Really!? Then how are you going to get the tingling feeling back!!??


----------



## nikv (Mar 4, 2010)

I don't know if the war against mealies is every truly over. But congratulations on your victory!


----------



## smartie2000 (Mar 4, 2010)

treefrog said:


> Hi Smartie, I would really be interested in knowing where it can be found in Canada.
> Math



My Merit and Orthene were not from Canda. I did have to resort to importing it from a eBay seller. I don't like the idea, but was that desperate as it was out of control. 
I did not see it in any retail shops in Canada that I know of. (so Joanne is probably right...but Canada does have its reasons to outlaw the household use of this stuff)

It is important to use pesticides properly to prevent the creation of resitant strains. This includes using a variety of pesticides that have different modes of action. Also it is important not to use a too weak solution of the chemical. And don't allow for any survivors...rubbing alcohol to kill the ones you see.
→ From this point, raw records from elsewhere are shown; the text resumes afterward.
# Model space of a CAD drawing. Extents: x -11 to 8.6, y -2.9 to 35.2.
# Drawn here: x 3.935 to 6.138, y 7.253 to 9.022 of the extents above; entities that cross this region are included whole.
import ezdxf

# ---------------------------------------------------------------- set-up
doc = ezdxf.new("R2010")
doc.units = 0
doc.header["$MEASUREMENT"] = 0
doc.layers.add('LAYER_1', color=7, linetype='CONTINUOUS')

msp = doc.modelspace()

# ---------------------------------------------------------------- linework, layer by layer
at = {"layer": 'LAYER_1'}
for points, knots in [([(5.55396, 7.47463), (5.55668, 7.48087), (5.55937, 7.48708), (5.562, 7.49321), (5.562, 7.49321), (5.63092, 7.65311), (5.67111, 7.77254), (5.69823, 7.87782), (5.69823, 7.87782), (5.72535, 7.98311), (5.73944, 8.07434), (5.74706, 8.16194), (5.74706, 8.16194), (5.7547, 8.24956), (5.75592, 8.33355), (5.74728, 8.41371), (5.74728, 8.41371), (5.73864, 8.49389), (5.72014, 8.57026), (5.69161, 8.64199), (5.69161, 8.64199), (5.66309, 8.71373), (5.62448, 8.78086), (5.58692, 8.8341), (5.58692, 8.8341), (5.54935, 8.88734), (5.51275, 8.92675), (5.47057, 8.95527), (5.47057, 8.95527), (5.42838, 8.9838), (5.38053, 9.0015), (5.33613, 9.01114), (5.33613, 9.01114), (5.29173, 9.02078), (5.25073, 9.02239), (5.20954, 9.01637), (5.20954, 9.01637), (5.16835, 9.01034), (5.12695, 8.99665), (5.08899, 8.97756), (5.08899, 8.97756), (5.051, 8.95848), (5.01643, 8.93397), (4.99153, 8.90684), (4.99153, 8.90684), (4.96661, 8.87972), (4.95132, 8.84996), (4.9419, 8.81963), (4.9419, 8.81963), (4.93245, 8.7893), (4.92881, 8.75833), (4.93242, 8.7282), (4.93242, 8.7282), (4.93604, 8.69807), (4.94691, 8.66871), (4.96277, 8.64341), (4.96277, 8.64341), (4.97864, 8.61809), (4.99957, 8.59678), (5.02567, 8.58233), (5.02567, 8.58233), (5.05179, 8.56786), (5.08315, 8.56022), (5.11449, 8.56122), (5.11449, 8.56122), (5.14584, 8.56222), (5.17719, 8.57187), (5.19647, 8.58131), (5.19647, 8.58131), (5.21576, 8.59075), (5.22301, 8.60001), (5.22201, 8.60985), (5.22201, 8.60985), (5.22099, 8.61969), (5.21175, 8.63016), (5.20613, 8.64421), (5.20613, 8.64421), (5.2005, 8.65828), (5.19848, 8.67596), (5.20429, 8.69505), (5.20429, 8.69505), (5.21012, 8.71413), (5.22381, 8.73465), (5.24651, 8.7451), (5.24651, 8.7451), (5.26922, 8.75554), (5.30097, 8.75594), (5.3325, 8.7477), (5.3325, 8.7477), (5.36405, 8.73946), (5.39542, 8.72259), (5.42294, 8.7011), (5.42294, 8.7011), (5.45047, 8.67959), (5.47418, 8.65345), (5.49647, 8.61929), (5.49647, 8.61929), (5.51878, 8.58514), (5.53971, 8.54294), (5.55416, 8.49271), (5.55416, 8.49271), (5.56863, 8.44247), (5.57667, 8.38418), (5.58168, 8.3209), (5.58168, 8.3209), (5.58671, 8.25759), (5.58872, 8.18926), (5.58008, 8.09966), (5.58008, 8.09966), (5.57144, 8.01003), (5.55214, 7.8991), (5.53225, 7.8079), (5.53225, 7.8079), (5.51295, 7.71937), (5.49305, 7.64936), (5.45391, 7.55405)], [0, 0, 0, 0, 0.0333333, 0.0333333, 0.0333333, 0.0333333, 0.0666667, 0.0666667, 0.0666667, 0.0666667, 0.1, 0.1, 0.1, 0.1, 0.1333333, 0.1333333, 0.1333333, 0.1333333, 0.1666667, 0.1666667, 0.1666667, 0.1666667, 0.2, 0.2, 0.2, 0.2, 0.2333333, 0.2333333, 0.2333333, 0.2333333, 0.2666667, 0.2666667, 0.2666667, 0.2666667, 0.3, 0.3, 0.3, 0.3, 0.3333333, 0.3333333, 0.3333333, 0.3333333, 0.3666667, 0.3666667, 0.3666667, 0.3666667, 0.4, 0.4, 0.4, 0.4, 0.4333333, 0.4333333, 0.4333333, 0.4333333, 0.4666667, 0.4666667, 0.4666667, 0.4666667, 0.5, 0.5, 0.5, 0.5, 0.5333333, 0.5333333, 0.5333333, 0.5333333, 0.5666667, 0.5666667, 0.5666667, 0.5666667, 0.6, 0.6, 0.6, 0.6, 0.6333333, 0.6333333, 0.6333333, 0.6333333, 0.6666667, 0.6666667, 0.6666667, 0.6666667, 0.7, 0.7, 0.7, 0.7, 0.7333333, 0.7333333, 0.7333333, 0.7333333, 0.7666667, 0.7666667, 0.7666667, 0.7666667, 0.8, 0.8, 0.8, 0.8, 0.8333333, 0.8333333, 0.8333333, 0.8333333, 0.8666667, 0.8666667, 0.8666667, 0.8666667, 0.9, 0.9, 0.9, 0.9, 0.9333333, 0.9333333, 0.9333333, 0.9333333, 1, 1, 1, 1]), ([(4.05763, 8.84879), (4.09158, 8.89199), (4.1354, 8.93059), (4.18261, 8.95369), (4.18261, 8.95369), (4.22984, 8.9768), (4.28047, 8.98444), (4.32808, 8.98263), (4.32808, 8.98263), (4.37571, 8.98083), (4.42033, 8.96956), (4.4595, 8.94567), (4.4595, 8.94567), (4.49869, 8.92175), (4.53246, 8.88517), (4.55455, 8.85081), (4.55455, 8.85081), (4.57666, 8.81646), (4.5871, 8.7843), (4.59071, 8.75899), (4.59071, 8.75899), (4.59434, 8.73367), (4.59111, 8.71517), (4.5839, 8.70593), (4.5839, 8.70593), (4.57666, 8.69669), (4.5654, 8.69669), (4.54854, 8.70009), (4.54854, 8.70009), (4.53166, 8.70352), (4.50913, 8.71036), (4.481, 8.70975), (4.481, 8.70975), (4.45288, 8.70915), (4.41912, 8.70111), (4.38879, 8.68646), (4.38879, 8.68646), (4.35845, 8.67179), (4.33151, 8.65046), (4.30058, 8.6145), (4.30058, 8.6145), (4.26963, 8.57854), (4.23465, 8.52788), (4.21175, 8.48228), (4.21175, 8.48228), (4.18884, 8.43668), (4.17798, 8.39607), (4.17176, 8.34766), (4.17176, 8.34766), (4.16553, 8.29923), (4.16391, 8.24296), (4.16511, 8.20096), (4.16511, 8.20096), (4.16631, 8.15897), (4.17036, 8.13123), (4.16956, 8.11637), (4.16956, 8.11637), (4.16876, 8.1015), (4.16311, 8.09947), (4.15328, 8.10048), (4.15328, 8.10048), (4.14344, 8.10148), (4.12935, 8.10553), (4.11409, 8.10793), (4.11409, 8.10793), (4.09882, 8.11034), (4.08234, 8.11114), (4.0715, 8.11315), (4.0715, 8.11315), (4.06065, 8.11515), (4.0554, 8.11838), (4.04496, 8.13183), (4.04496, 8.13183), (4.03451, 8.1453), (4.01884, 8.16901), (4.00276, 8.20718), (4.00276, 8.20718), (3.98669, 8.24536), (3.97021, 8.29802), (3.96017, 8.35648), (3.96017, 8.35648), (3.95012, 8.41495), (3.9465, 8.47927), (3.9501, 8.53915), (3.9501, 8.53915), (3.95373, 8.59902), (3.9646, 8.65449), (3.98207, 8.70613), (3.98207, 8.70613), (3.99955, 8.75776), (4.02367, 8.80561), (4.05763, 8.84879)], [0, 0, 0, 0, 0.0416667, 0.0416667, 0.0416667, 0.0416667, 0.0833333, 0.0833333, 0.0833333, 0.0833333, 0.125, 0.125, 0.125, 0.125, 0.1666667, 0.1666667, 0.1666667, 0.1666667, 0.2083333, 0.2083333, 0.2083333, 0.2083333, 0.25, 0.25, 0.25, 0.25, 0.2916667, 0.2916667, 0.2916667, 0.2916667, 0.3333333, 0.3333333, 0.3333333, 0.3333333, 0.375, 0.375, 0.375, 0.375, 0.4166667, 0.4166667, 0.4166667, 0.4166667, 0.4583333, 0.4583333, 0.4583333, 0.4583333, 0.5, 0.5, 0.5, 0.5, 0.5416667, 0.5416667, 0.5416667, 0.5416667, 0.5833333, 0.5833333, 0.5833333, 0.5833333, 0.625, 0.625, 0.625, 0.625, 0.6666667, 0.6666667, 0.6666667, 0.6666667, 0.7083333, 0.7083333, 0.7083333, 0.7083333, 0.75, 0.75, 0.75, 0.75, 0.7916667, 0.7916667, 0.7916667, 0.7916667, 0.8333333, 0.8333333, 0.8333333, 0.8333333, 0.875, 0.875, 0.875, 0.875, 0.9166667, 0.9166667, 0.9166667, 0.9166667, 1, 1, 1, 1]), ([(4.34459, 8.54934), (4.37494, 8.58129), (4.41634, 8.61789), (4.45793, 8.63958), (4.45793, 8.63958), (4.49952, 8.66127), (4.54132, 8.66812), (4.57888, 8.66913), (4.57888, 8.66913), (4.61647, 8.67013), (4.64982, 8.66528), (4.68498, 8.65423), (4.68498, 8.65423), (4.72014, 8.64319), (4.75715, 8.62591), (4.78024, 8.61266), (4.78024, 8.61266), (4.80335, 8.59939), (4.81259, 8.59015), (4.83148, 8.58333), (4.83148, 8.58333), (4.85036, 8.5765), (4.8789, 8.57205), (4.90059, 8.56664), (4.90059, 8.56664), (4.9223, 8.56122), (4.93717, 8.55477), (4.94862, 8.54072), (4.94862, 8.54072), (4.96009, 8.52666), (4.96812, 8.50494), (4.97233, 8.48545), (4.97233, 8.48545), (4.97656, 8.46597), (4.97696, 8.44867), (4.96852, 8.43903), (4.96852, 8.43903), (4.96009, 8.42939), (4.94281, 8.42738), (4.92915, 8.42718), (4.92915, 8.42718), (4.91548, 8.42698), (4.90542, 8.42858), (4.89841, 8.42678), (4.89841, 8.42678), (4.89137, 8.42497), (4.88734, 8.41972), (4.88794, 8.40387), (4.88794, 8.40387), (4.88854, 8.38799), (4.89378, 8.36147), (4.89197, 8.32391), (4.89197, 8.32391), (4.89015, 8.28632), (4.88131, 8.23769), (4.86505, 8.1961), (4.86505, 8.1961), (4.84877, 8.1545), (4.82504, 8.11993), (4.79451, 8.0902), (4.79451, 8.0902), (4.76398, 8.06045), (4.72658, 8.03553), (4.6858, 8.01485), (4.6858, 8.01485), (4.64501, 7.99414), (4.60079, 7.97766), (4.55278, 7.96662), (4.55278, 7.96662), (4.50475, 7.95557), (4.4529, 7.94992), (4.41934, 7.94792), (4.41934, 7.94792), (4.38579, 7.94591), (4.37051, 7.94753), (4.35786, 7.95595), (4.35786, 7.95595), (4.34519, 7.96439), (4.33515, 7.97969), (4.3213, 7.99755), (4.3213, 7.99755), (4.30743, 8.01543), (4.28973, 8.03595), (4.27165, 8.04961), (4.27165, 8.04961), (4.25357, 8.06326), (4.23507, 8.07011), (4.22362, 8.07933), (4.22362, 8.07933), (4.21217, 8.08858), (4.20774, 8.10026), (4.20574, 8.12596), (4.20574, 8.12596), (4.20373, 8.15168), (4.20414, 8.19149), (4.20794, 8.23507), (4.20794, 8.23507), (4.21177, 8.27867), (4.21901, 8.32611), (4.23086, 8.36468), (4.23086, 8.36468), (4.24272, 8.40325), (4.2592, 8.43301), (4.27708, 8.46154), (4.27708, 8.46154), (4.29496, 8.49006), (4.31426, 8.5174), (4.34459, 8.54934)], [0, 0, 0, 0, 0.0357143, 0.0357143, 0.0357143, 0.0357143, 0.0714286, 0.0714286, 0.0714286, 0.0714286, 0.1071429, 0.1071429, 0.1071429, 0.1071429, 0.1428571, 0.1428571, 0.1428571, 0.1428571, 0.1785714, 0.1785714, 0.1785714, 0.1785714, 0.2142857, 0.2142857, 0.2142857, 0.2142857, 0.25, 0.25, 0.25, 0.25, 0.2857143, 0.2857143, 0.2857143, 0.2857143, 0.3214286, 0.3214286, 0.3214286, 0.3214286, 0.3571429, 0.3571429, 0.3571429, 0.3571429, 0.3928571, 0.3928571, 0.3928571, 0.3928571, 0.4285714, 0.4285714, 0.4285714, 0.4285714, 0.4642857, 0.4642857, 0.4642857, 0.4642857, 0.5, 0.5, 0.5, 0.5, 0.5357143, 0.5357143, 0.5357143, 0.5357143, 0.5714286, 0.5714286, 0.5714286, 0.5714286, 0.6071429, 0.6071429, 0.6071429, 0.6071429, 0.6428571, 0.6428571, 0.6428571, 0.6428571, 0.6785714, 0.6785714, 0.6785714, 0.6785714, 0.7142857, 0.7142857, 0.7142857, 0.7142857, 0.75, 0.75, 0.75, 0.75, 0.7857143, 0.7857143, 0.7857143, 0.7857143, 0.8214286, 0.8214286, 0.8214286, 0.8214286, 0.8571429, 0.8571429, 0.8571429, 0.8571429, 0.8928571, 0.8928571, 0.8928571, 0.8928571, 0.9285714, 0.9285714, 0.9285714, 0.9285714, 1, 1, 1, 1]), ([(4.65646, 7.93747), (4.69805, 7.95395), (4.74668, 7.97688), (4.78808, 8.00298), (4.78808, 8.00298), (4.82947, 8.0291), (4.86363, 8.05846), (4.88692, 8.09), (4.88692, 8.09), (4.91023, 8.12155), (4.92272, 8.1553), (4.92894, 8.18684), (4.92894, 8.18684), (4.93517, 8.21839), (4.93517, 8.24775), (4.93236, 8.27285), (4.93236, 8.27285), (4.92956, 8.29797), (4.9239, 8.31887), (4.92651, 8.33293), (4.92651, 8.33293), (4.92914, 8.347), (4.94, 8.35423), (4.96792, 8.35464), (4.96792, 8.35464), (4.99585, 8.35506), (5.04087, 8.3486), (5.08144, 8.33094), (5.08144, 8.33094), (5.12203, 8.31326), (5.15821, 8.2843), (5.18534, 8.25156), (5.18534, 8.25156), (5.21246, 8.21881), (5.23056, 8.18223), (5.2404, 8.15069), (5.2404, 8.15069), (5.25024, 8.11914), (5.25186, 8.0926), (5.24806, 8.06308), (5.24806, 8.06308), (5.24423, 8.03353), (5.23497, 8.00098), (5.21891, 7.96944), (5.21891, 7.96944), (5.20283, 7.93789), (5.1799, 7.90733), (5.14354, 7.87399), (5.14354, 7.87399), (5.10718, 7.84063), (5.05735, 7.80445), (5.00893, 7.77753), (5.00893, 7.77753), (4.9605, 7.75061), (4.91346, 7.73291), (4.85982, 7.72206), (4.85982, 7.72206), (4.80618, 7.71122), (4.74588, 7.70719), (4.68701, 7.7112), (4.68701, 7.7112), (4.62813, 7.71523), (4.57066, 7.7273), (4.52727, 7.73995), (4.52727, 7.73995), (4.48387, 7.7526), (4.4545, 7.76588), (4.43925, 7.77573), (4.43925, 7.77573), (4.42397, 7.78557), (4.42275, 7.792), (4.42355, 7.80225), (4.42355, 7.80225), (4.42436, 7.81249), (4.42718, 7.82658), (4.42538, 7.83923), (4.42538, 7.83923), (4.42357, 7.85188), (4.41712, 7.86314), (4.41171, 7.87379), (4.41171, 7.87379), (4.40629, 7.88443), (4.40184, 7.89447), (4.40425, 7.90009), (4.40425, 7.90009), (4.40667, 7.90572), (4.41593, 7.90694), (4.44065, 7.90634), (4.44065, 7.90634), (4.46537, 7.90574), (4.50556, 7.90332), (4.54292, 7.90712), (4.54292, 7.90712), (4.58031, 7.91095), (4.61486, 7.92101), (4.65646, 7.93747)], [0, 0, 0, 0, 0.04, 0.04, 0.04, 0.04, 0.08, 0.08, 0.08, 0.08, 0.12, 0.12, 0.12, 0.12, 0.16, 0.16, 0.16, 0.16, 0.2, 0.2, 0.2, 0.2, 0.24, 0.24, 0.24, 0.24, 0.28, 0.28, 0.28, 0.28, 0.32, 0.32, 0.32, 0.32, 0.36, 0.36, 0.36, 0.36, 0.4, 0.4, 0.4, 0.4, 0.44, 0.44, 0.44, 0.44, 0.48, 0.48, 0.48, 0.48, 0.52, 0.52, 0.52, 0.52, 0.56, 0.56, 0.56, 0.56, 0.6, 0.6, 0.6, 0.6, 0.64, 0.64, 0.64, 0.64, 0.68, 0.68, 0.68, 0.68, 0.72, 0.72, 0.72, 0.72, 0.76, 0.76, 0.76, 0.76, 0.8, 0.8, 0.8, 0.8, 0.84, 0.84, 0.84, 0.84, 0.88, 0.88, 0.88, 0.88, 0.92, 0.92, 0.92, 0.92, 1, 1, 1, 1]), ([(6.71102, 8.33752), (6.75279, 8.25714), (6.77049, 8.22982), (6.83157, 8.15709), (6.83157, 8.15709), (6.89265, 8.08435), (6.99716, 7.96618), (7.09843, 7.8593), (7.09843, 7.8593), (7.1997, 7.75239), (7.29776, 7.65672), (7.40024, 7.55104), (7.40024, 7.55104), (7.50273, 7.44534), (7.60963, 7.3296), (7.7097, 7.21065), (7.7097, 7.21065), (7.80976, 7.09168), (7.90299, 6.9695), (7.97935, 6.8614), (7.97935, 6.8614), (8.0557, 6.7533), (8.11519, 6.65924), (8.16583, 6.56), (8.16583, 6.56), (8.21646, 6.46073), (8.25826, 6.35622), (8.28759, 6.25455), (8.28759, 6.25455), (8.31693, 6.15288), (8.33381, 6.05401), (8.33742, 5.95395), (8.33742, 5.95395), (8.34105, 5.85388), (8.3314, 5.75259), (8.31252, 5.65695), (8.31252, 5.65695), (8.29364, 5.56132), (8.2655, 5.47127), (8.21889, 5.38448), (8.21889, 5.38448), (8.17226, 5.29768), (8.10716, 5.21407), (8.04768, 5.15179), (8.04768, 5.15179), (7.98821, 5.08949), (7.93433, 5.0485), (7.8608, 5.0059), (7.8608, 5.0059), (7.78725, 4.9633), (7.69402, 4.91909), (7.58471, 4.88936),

I did repotting and I did not find anything in the roots BTW.

I think that I am willing to send Merit to people in Canada that need help, I have way too much of it. A small amount of the powder mixes a lot of sprays/drenches. (I think I am willing...haha so much trouble)
But I don't want to deal with touching the Orthene and rebottling the liquid. People in Edmonton can take my bottle and promise to return it to me.


----------



## smartie2000 (Mar 4, 2010)

Leo Schordje said:


> Something to consider should you ever encounter a resistant strain in the future, or even as a trick to limit how often you have to apply bug spray.
> 
> Enstar II is a juvenal growth hormone inhibitor. What most people don't realize is that it was never intended to be used alone in a spray. Its original formulation / design was to be used as an additive to your more conventional pesticide spray. It is compatible in solution with most other formulations. (do not mix the concentrates, only mix as needed in the water solution being made up for use that day) Every autumn I spray for mealies and mites. Usually 2 spplications about 10 days apart does the trick, and the collection normally stays bug free until the following summer, sometimes even longer. I personally use a 3 component solution of Mavrik, Enstar II and the old Pentac WP stock I am depleting. (you can't buy the old formulation of Pentac anymore) This is very effective. A 2 or 3 component system is more difficult for the bugs to develop resistance to. AND if you are successful at 100% wiping out of the current infestation, you won't have a problem with a resistant strain developing. Resistance only develops if you have a small residual population survive the spraying. The ones not killed then breed on. In our small collections it is possible to get a 100% kill, and then you have no resident population in which resistance can develop.
> 
> ...



Leo Schordje is right and provided excellent explanation. 
Enstar II is good stuff I hear, but it is expensive!!


----------



## parvi_17 (Mar 4, 2010)

Thanks for this info Fren. Personally I have been lucky to never have insects get out of control in my collection. I see the occasional scale and mealies, but my cheap insecticidal soap from Home Depot has aways done the trick so far. If I ever have any trouble, I'll be sure to seek this stuff out.


----------



## NYEric (Mar 4, 2010)

smartie2000 said:


> . People in Edmonton can take my bottle and promise to return it to me.



Generous Alckie!! oke:


----------



## KyushuCalanthe (Mar 4, 2010)

Fren, congrats on winning the battle...the war will rage on though. I have problems each year for the simple reason that I grow outside for 6-7 months and there is all kinds of stuff out there - scale, thrips, spider mites, you name it. Just last year I was looking through my Cymbid collection and noticed one of my prize C. goeringii was loaded with scale. I saved the plant, but not before damage was done. Amazingly it flowered this year though.

Keep those eyes peeled for the enemy!


----------



## Lanmark (Mar 5, 2010)

I honestly believe I have permanently eradicated all scales and mealies from my collection. Now my plants stay sealed indoors under lights far away from any new chewing pests. No fresh fruit or vegetables get even remotely close to my plants. No new plants get anywhere near my established collection until long periods of quarantine (and sometimes even a series of preventative sprays) have proven no bugs exist on them. Like Leo, I advocate using a combination of two or three poisons in a mixed solution and then doing this for two or three consecutive applications 7 to 10 days apart.


----------